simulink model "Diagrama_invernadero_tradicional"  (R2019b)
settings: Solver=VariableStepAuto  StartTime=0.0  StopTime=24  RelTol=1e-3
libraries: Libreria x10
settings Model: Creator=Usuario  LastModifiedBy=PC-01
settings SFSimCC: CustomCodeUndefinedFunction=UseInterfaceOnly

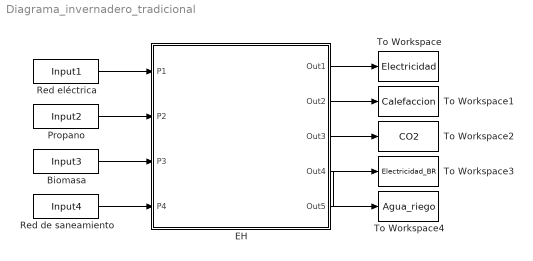
== system Diagrama_invernadero_tradicional ==
  Biomasa : FromWorkspace  VariableName=Input3  SampleTime=0
  EH : Subsystem
  Propano : FromWorkspace  VariableName=Input2  SampleTime=0
  Red de saneamiento : FromWorkspace  VariableName=Input4  SampleTime=0
  Red eléctrica : FromWorkspace  VariableName=Input1  SampleTime=0
  To Workspace : ToWorkspace  VariableName=Electricidad  SaveFormat=Timeseries  SampleTime=-1
  To Workspace1 : ToWorkspace  VariableName=Calefaccion  SaveFormat=Timeseries  SampleTime=-1
  To Workspace2 : ToWorkspace  VariableName=CO2  SaveFormat=Timeseries  SampleTime=-1
  To Workspace3 : ToWorkspace  VariableName=Electricidad_BR  SaveFormat=Timeseries  SampleTime=-1
  To Workspace4 : ToWorkspace  VariableName=Agua_riego  SaveFormat=Timeseries  SampleTime=-1
  wires:
  Red eléctrica/1 -> EH/1(P1)
  Propano/1 -> EH/2(P2)
  Biomasa/1 -> EH/3(P3)
  Red de saneamiento/1 -> EH/4(P4)
  EH/1(Out1) -> To Workspace/1
  EH/2(Out2) -> To Workspace1/1
  EH/3(Out3) -> To Workspace2/1
  EH/5(Out5) -> To Workspace3/1
  EH/4(Out4) -> To Workspace4/1

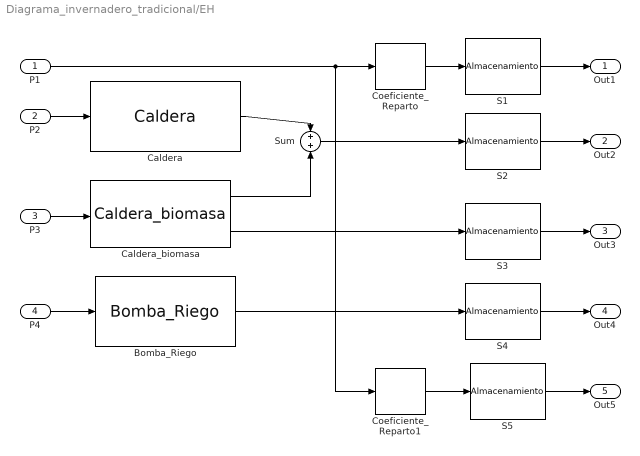
== system Diagrama_invernadero_tradicional/EH ==
  P1 : Inport
  P2 : Inport  Port=2
  P3 : Inport  Port=3
  P4 : Inport  Port=4
  Bomba_Riego : Libreria/Bomba_Riego  efficiency=1  dispatch_factor=beta1  T_muestreo=T_muestreo  Max_in=150  Max_out=150  n_salida=[5]
      link override Funcion_coef_reparto: Tm=T_muestreo
  Caldera : Libreria/Caldera  efficiency=11.54  dispatch_factor=1  T_muestreo=T_muestreo  Min_in=0  Max_in=6.8  Max_out=78.472
  Caldera_biomasa : Libreria/Caldera_biomasa  efficiency=[4.25 1.76]  dispatch_factor=1  T_muestreo=T_muestreo  Max_in=40  Min_in=1  Max_out=[170 70.4]
  Coeficiente_Reparto : Libreria/Coeficiente_Reparto  dispatch_factor=alfa1  Tm=T_muestreo  Max_out=inf  Max_in=inf  efficiency=1
  Coeficiente_Reparto1 : Libreria/Coeficiente_Reparto  dispatch_factor=alfa2  Tm=T_muestreo  Max_out=inf  Max_in=inf  efficiency=1
  S1 : Libreria/Almacenamiento  Up2=1000  Low2=0  r_c=1  Up=1000  Low=0  r_d=1  Up1=1000  Low1=0  almacenamiento_inicial=0  cpa=0  almacenamiento_on=on
      link override In1: SampleTime=1
      link override Qch: VariableName=Qchp1
      link override Qdis: VariableName=Qdisp1
      link override almacenamiento: VariableName=almacen1
      link override discrepancias_almacenamiento: VariableName=discrepancias_almacenamiento1
      link override ef: VariableName=Ech1
      link override eff: VariableName=Edis1
  S2 : Libreria/Almacenamiento  Up2=104.5  Low2=0  r_c=0.9  Up=104.5  Low=0  r_d=0.9  Up1=174.2  Low1=0  almacenamiento_inicial=0  cpa=0.06  almacenamiento_on=on
      link override In1: SampleTime=1
      link override Qch: VariableName=Qchp2
      link override Qdis: VariableName=Qdisp2
      link override almacenamiento: VariableName=almacen2
      link override discrepancias_almacenamiento: VariableName=discrepancias_almacenamiento2
      link override ef: VariableName=Ech2
      link override eff: VariableName=Edis2
  S3 : Libreria/Almacenamiento  Up2=51  Low2=0  r_c=1  Up=51  Low=0  r_d=1  Up1=25.2  Low1=0  almacenamiento_inicial=0  cpa=0  almacenamiento_on=on
      link override In1: SampleTime=1
      link override Qch: VariableName=Qchp3
      link override Qdis: VariableName=Qdisp3
      link override almacenamiento: VariableName=almacen3
      link override discrepancias_almacenamiento: VariableName=discrepancias_almacenamiento3
      link override ef: VariableName=Ech3
      link override eff: VariableName=Edis3
  S4 : Libreria/Almacenamiento  Up2=100  Low2=0  r_c=1  Up=250  Low=0  r_d=1  Up1=1000  Low1=0  almacenamiento_inicial=0  cpa=0  almacenamiento_on=on
      link override In1: SampleTime=1
      link override Qch: VariableName=Qchp4
      link override Qdis: VariableName=Qdisp4
      link override almacenamiento: VariableName=almacen5
      link override discrepancias_almacenamiento: VariableName=discrepancias_almacenamiento5
      link override ef: VariableName=Ech4
      link override eff: VariableName=Edis4
  S5 : Libreria/Almacenamiento  Up2=1000  Low2=0  r_c=1  Up=1000  Low=0  r_d=1  Up1=1000  Low1=0  almacenamiento_inicial=0  cpa=0  almacenamiento_on=on
      link override In1: SampleTime=1
      link override Qch: VariableName=Qchp5
      link override Qdis: VariableName=Qdisp5
      link override almacenamiento: VariableName=almacen4
      link override discrepancias_almacenamiento: VariableName=discrepancias_almacenamiento4
      link override ef: VariableName=Ech5
      link override eff: VariableName=Edis5
  Sum : Sum
  Out1 : Outport  VectorParamsAs1DForOutWhenUnconnected=off
  Out2 : Outport  Port=2  VectorParamsAs1DForOutWhenUnconnected=off
  Out3 : Outport  Port=3  VectorParamsAs1DForOutWhenUnconnected=off
  Out4 : Outport  Port=4  VectorParamsAs1DForOutWhenUnconnected=off
  Out5 : Outport  Port=5  VectorParamsAs1DForOutWhenUnconnected=off
  wires:
  Caldera/1 -> Sum/1
  Coeficiente_Reparto/1 -> S1/1
  Coeficiente_Reparto1/1 -> S5/1
  Bomba_Riego/1 -> S4/1
  Sum/1 -> S2/1
  S4/1 -> Out4/1
  P1/1 -> Coeficiente_Reparto1/1, Coeficiente_Reparto/1
  Caldera_biomasa/2 -> S3/1
  Caldera_biomasa/1 -> Sum/2
  S5/1 -> Out5/1
  S3/1 -> Out3/1
  P4/1 -> Bomba_Riego/1
  P3/1 -> Caldera_biomasa/1
  P2/1 -> Caldera/1
  S2/1 -> Out2/1
  S1/1 -> Out1/1

> **ACTION ITEM**
Beginning with the line that contains "S5/1 -> Out5/1" and ending with the last line of the data above, return those lines exactly and nothing else.

> **REPLY TO THE TASK**
  S5/1 -> Out5/1
  S3/1 -> Out3/1
  P4/1 -> Bomba_Riego/1
  P3/1 -> Caldera_biomasa/1
  P2/1 -> Caldera/1
  S2/1 -> Out2/1
  S1/1 -> Out1/1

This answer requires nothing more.